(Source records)
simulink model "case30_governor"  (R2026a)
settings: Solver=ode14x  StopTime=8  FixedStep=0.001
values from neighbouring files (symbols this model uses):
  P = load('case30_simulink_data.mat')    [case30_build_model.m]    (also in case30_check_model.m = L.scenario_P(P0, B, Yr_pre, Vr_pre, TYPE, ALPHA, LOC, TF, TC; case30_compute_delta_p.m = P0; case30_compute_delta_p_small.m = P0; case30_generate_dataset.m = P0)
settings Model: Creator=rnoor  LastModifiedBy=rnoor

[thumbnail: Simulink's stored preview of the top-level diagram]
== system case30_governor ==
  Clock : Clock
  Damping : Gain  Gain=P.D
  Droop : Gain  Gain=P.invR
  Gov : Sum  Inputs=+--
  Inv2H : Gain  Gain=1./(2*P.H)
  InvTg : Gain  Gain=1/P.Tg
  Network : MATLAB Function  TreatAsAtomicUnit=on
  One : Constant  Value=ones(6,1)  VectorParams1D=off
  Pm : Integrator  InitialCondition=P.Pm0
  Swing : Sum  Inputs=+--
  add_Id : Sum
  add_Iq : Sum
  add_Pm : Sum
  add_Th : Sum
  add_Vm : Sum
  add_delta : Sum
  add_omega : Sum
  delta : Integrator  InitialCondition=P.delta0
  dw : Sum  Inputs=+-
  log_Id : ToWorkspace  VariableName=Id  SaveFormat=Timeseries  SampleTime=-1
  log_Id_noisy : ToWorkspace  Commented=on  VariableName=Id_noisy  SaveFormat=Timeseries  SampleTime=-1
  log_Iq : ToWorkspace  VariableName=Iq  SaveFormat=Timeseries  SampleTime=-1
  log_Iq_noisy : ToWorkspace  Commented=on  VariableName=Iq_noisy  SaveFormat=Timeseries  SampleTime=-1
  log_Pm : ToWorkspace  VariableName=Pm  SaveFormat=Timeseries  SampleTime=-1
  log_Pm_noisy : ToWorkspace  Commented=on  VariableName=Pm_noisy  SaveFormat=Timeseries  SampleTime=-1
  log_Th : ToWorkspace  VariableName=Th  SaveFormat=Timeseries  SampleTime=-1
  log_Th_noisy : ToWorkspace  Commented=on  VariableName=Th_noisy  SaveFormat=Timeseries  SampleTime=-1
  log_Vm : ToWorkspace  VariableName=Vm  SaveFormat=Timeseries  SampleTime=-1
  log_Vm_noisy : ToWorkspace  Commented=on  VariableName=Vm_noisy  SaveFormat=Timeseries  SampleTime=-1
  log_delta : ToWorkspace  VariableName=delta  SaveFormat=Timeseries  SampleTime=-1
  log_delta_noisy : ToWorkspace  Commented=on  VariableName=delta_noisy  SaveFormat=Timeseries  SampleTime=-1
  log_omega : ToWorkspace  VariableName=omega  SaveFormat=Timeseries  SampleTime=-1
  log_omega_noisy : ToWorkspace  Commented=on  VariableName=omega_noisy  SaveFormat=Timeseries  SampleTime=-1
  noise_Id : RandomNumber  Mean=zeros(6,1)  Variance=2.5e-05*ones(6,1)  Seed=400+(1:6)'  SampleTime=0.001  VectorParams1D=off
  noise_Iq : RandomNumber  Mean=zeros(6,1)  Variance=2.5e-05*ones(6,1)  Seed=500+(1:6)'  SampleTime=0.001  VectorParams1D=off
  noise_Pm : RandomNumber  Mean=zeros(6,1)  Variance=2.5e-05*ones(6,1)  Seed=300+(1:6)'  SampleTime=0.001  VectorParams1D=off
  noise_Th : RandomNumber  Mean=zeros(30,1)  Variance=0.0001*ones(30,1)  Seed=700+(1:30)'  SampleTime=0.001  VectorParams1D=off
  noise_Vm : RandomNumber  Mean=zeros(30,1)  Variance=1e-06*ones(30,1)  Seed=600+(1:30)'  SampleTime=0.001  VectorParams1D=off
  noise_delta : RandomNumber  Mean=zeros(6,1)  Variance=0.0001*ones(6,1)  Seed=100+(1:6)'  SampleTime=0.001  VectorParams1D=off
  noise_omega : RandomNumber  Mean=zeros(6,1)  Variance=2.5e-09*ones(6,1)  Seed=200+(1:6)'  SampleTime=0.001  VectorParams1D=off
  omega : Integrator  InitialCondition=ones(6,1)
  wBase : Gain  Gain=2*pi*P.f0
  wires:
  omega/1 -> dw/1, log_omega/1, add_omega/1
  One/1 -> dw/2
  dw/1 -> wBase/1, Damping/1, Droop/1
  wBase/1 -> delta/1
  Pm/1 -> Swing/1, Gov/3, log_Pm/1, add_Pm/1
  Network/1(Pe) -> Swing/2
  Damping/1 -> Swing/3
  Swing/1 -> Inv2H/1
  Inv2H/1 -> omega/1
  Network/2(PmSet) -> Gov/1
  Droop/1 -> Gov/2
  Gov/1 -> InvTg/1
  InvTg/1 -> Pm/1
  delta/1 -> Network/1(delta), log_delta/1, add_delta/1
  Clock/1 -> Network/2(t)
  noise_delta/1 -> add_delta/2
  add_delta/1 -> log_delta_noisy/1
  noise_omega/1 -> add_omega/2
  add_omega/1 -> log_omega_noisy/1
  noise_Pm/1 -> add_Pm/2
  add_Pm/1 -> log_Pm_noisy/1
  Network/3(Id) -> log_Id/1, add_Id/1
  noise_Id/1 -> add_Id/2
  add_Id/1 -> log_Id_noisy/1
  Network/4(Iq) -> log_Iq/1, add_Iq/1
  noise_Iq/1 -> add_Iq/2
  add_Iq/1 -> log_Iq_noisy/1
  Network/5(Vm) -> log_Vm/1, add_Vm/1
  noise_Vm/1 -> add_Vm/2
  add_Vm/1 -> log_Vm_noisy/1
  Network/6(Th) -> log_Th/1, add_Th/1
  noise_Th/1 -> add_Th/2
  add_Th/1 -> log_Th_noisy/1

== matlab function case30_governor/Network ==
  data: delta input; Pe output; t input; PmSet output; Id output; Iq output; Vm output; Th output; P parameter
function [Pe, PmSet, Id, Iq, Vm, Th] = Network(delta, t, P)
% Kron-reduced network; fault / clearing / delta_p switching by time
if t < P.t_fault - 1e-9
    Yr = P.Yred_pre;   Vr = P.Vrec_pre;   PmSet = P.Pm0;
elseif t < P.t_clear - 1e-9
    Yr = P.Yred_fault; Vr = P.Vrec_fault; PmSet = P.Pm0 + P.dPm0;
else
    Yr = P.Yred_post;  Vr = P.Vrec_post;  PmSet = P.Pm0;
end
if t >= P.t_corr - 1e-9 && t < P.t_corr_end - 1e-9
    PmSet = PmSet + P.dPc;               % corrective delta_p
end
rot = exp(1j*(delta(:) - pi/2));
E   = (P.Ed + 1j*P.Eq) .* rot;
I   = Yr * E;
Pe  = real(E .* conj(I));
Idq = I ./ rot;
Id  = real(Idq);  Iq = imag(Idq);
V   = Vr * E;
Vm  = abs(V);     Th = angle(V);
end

## Work instruction
Search the records for the string "wBase" and, wherever a line contains it, please copy that line.

## Response
  wBase : Gain  Gain=2*pi*P.f0
  dw/1 -> wBase/1, Damping/1, Droop/1
  wBase/1 -> delta/1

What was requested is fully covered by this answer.